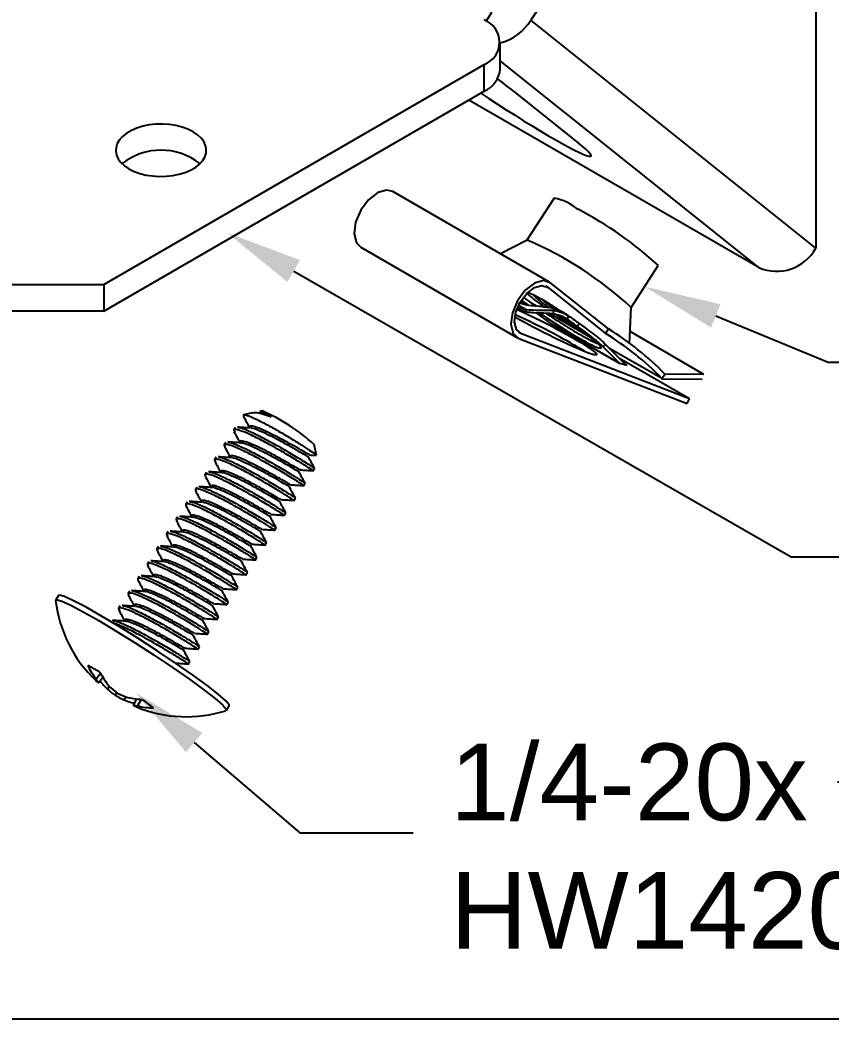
# Model space of a CAD drawing. Extents: x 0 to 11.4, y -13.7 to 0.
# Drawn here: x 4.396 to 6.378, y -13.68 to -11.241 of the extents above; entities that cross this region are included whole.
import ezdxf
from ezdxf import colors
from ezdxf.entities.mleader import LeaderData, LeaderLine
from ezdxf.math import Vec2, Vec3

# ---------------------------------------------------------------- set-up
doc = ezdxf.new("R2010")
doc.units = 0
doc.header["$LTSCALE"] = 0.5
doc.header["$MEASUREMENT"] = 0
for name, color, linetype in [('FAB DWG', 221, 'CONTINUOUS'), ('Hardware', 242, 'CONTINUOUS'), ('Mounting', 4, 'CONTINUOUS')]:
    doc.layers.add(name, color=color, linetype=linetype)
doc.layers.add('Text-Unprinted', color=131, linetype='CONTINUOUS', plot=False)
doc.styles.add('LSAD_Standard', font='arial.ttf')

msp = doc.modelspace()

# ---------------------------------------------------------------- linework, layer by layer
at = {"layer": 'Hardware', "linetype": 'Continuous', "lineweight": 25, "transparency": 16777216}
for p, q in [((5.6902, -11.8812), (5.3073, -11.6601)), ((5.7012, -11.6761), (5.6348, -11.7788)), ((5.635, -11.7787), (5.5701, -11.8118)), ((5.2288, -11.7961), (5.6117, -12.0171)), ((5.8894, -11.9435), (5.9558, -11.8408)), ((5.6865, -11.8943), (5.6807, -11.891)), ((5.6865, -11.8943), (5.8267, -12.0063)), ((5.8337, -11.9954), (5.6935, -11.8834)), ((5.633, -11.9363), (5.6209, -11.927)), ((5.611, -11.9472), (5.6341, -11.9538)), ((5.6127, -11.9429), (5.632, -11.9483)), ((5.632, -11.9483), (5.6141, -11.938)), ((5.6341, -11.9538), (5.632, -11.9483)), ((5.6583, -11.9399), (5.6482, -11.9341)), ((5.7185, -11.9541), (5.6965, -11.9445)), ((5.6988, -11.9582), (5.7008, -11.9504)), ((5.8851, -12.032), (5.8894, -11.9433)), ((5.6931, -11.9825), (5.6584, -11.9558)), ((5.7913, -12.0167), (5.6883, -11.9573)), ((5.7343, -11.9619), (5.719, -11.9531)), ((5.7327, -11.9714), (5.7215, -11.9649)), ((5.7327, -11.9714), (5.7375, -11.9641)), ((5.6931, -11.9825), (5.8614, -12.0796)), ((5.796, -12.0203), (5.7518, -11.9867)), ((5.7577, -11.9892), (5.7624, -11.982)), ((5.8267, -12.0063), (5.8337, -11.9954)), ((5.6213, -12.0073), (5.6154, -12.0039)), ((5.6154, -12.0189), (6.0262, -12.1776)), ((6.0321, -12.1661), (5.6213, -12.0073)), ((6.0672, -12.1063), (5.8866, -12.002)), ((5.8214, -12.0395), (5.8261, -12.0323)), ((5.9657, -12.1174), (5.8366, -12.0429)), ((6.0321, -12.1661), (5.8612, -12.0674)), ((5.8786, -12.0848), (5.8614, -12.0796)), ((5.9645, -12.1164), (5.9716, -12.1055)), ((5.9645, -12.1164), (5.9657, -12.1174)), ((5.9657, -12.1174), (6.0631, -12.1181)), ((6.0672, -12.1063), (5.9716, -12.1055)), ((6.0262, -12.1776), (6.0321, -12.1661)), ((4.9878, -12.1955), (4.9814, -12.1968)), ((4.9646, -12.2004), (4.9423, -12.2051)), ((4.9825, -12.201), (4.9713, -12.2003)), ((4.9224, -12.2363), (4.9187, -12.2421)), ((4.899, -12.2726), (4.8952, -12.2784)), ((5.1204, -12.3033), (5.1148, -12.2776)), ((4.8755, -12.3089), (4.8718, -12.3147)), ((5.1123, -12.3416), (5.1161, -12.3358)), ((4.852, -12.3452), (4.8483, -12.351)), ((4.8286, -12.3815), (4.8248, -12.3873)), ((5.0889, -12.3779), (5.0926, -12.3721)), ((5.0654, -12.4142), (5.0691, -12.4084)), ((4.8051, -12.4178), (4.8013, -12.4236)), ((4.7816, -12.4541), (4.7779, -12.4599)), ((5.0419, -12.4505), (5.0457, -12.4447)), ((5.0185, -12.4868), (5.0222, -12.481)), ((4.7582, -12.4904), (4.7544, -12.4961)), ((4.7347, -12.5266), (4.7309, -12.5324)), ((4.995, -12.5231), (4.9987, -12.5173)), ((4.9715, -12.5594), (4.9753, -12.5536)), ((4.7112, -12.5629), (4.7075, -12.5687)), ((4.6878, -12.5992), (4.684, -12.605)), ((4.948, -12.5956), (4.9518, -12.5899)), ((4.9246, -12.6319), (4.9283, -12.6261)), ((4.4906, -12.6463), (4.4836, -12.6572)), ((4.6643, -12.6355), (4.6605, -12.6413)), ((4.6408, -12.6718), (4.6371, -12.6776)), ((4.9011, -12.6682), (4.9049, -12.6624)), ((4.6173, -12.7081), (4.6168, -12.709)), ((4.8776, -12.7045), (4.8814, -12.6987)), ((4.8542, -12.7408), (4.8579, -12.735)), ((4.8307, -12.7771), (4.8345, -12.7713)), ((4.8072, -12.8134), (4.811, -12.8076)), ((4.5933, -12.8364), (4.5827, -12.8505)), ((4.599, -12.8462), (4.5886, -12.8594)), ((4.6142, -12.8678), (4.6099, -12.8752)), ((4.6329, -12.8838), (4.629, -12.8898)), ((4.6555, -12.8941), (4.6503, -12.9013)), ((4.6809, -12.8989), (4.6731, -12.914)), ((4.6921, -12.8999), (4.6835, -12.9156)), ((4.9005, -12.9269), (4.9075, -12.916))]:
    msp.add_line(p, q, dxfattribs=at)
at = {"layer": 'Hardware', "linetype": 'Continuous', "lineweight": 25, "transparency": 16777216, "flags": 128}
for points in [[(5.3073, -11.6601), (5.2926, -11.6564), (5.2704, -11.6627), (5.2479, -11.68), (5.2287, -11.7055), (5.2163, -11.7348), (5.2126, -11.763), (5.2183, -11.7853), (5.2288, -11.7961)], [(5.6935, -11.8834), (5.6755, -11.8775), (5.6534, -11.8837), (5.6308, -11.9011), (5.6117, -11.9266), (5.5992, -11.9559), (5.5955, -11.9841), (5.6013, -12.0063), (5.6154, -12.0189)], [(5.6213, -12.0073), (5.6095, -11.9969), (5.6047, -11.9783), (5.6078, -11.9548), (5.6182, -11.9303), (5.6342, -11.909), (5.653, -11.8946), (5.6715, -11.8893), (5.6865, -11.8943)], [(5.7518, -11.9867), (5.7342, -11.9741), (5.721, -11.9647)], [(5.8214, -12.0395), (5.8345, -12.0527), (5.8476, -12.0658), (5.8614, -12.0796)], [(5.8261, -12.0323), (5.844, -12.0502), (5.8555, -12.0617), (5.867, -12.0733), (5.8786, -12.0848)], [(4.4834, -12.6583), (4.4858, -12.6564), (4.4982, -12.6598), (4.5202, -12.6698), (4.5508, -12.6859), (4.5886, -12.7073), (4.6315, -12.733), (4.6774, -12.7617), (4.7241, -12.7919), (4.7692, -12.8221), (4.8104, -12.8507), (4.8457, -12.8765), (4.8733, -12.898), (4.8917, -12.9142), (4.9002, -12.9242), (4.8996, -12.9275)], [(4.9075, -12.916), (4.9072, -12.9133), (4.8988, -12.9033), (4.8803, -12.8871), (4.8527, -12.8656), (4.8175, -12.8398), (4.7762, -12.8112), (4.7312, -12.781), (4.6845, -12.7508), (4.6385, -12.7222), (4.5956, -12.6965), (4.5579, -12.675), (4.5272, -12.6589), (4.5052, -12.6489), (4.4929, -12.6455), (4.4906, -12.6463)]]:
    msp.add_lwpolyline(points, dxfattribs=at)
at = {"layer": 'Hardware', "linetype": 'Continuous', "lineweight": 25, "transparency": 16777216}
for centre, radius, start, end in [((5.676, -11.8063), 0.1325, 50.8831, 79.0376), ((5.3472, -12.5013), 0.8982, 47.337, 62.6659), ((5.2959, -12.582), 0.8719, 47.1011, 67.1152), ((5.5838, -12.0534), 0.1561, 57.4998, 69.5284), ((5.4629, -12.6009), 0.71, 44.2409, 58.516), ((5.4559, -12.6118), 0.71, 44.2409, 58.516), ((4.7991, -12.6264), 0.4705, 47.8577, 66.3586), ((4.803, -12.6204), 0.3219, 186.7687, 226.5058), ((4.3125, -13.3062), 0.549, 59.4309, 62.9961), ((4.7257, -12.7379), 0.182, 205.7449, 218.1852), ((4.612, -12.8218), 0.0443, 225.5953, 238.1242), ((4.6333, -12.8235), 0.0573, 208.0157, 218.7523), ((4.7759, -12.7376), 0.2076, 207.495, 218.8238), ((4.73, -12.7499), 0.1736, 217.3292, 226.2182), ((4.7863, -12.6645), 0.2748, 230.0676, 235.0955), ((4.8091, -12.6594), 0.2854, 226.8992, 231.7849), ((4.7708, -12.6525), 0.2765, 239.1457, 244.1581), ((4.7637, -12.6319), 0.2838, 242.4792, 247.3783), ((4.7163, -12.7384), 0.1758, 247.9468, 256.5677), ((4.7059, -12.6948), 0.2055, 255.5512, 266.926), ((4.3712, -13.3593), 0.5618, 51.3098, 54.8203), ((4.6987, -12.8758), 0.046, 236.1418, 248.4368), ((4.6867, -12.86), 0.0557, 255.8224, 266.7001), ((4.803, -12.6204), 0.3219, 247.7745, 287.4477), ((4.7264, -12.7409), 0.18, 256.2024, 268.7065)]:
    msp.add_arc(centre, radius, start, end, dxfattribs=at)
for centre, major_axis, ratio, start_param, end_param in [((5.6962, -11.963), (0.1194, -0.0786), 0.082887, 4.089852, 4.255305), ((5.6772, -11.9924), (0.1281, -0.0652), 0.073648, 0.945819, 2.161496), ((5.6772, -11.9924), (0.1281, -0.0652), 0.073648, 4.155167, 7.229004), ((5.6701, -12.0035), (0.1281, -0.0652), 0.073648, 0.945819, 2.129044), ((5.6962, -11.963), (0.1194, -0.0786), 0.082887, 4.497549, 6.921414), ((5.6701, -12.0035), (0.1281, -0.0652), 0.073648, 0.659504, 0.945819)]:
    msp.add_ellipse(centre, major_axis=major_axis, ratio=ratio, start_param=start_param, end_param=end_param, dxfattribs=at)
for points, knots in [([(5.6268, -11.9185), (5.6271, -11.9187), (5.6332, -11.9234), (5.6433, -11.9307), (5.6536, -11.9379), (5.6563, -11.9397)], [0, 0, 0, 0, 0.034193, 0.746878, 1, 1, 1, 1]), ([(5.635, -11.908), (5.6352, -11.9086), (5.636, -11.9103), (5.6457, -11.9185), (5.6607, -11.9299), (5.6734, -11.9386), (5.6784, -11.9421)], [0, 0, 0, 0, 0.161949, 0.477155, 0.7921, 1, 1, 1, 1]), ([(5.6886, -11.9434), (5.6882, -11.9431), (5.6767, -11.9346), (5.6613, -11.9227), (5.6516, -11.9139), (5.6492, -11.9117)], [0, 0, 0, 0, 0.028215, 0.754924, 1, 1, 1, 1]), ([(5.7191, -11.9531), (5.7153, -11.9506), (5.7034, -11.9428), (5.6849, -11.9315), (5.673, -11.9247), (5.6677, -11.9217)], [0, 0, 0, 0, 0.209212, 0.647067, 1, 1, 1, 1]), ([(5.7028, -11.9473), (5.6986, -11.9441), (5.6887, -11.9369), (5.68, -11.9299), (5.6751, -11.926)], [0, 0, 0, 0, 0.430438, 1, 1, 1, 1]), ([(5.6965, -11.9445), (5.6883, -11.9433), (5.6719, -11.9408), (5.6459, -11.939), (5.6273, -11.9366), (5.6189, -11.933), (5.6173, -11.9322)], [0, 0, 0, 0, 0.307458, 0.615646, 0.924159, 1, 1, 1, 1]), ([(5.632, -11.9483), (5.6432, -11.9488), (5.6601, -11.9496), (5.6809, -11.9492), (5.6924, -11.9495), (5.698, -11.9501), (5.7008, -11.9504)], [0, 0, 0, 0, 0.49885, 0.748507, 0.87423, 1, 1, 1, 1]), ([(5.7008, -11.9504), (5.7074, -11.9515), (5.7207, -11.9538), (5.7319, -11.9607), (5.7375, -11.9641)], [0, 0, 0, 0, 0.499272, 1, 1, 1, 1]), ([(5.6341, -11.9538), (5.6401, -11.9545), (5.656, -11.9563), (5.6788, -11.9561), (5.694, -11.9577), (5.6988, -11.9582)], [0, 0, 0, 0, 0.2962422, 0.7755885, 1, 1, 1, 1]), ([(5.6811, -11.9568), (5.6858, -11.9599), (5.6984, -11.9684), (5.7194, -11.9819), (5.7431, -11.9966), (5.765, -12.0096), (5.7842, -12.0203), (5.7986, -12.0278), (5.8046, -12.0303), (5.8069, -12.0313)], [0, 0, 0, 0, 0.092958, 0.253739, 0.414417, 0.575194, 0.73587, 0.896649, 1, 1, 1, 1]), ([(5.6988, -11.9582), (5.7029, -11.9589), (5.711, -11.9604), (5.7224, -11.9648), (5.7293, -11.9692), (5.7327, -11.9714)], [0, 0, 0, 0, 0.334848, 0.663542, 1, 1, 1, 1]), ([(5.7042, -11.9594), (5.7073, -11.9614), (5.7197, -11.9697), (5.737, -11.9804), (5.7495, -11.9879), (5.7534, -11.9902)], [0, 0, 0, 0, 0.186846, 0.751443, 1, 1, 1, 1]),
◇ ◇ ◇ ◇
● WHAT IS BEING ASKED
Which lines of the data include the string "name"? Copy each of them.

● ANSWER TO THIS TASK
for name, color, linetype in [('FAB DWG', 221, 'CONTINUOUS'), ('Hardware', 242, 'CONTINUOUS'), ('Mounting', 4, 'CONTINUOUS')]:
    doc.layers.add(name, color=color, linetype=linetype)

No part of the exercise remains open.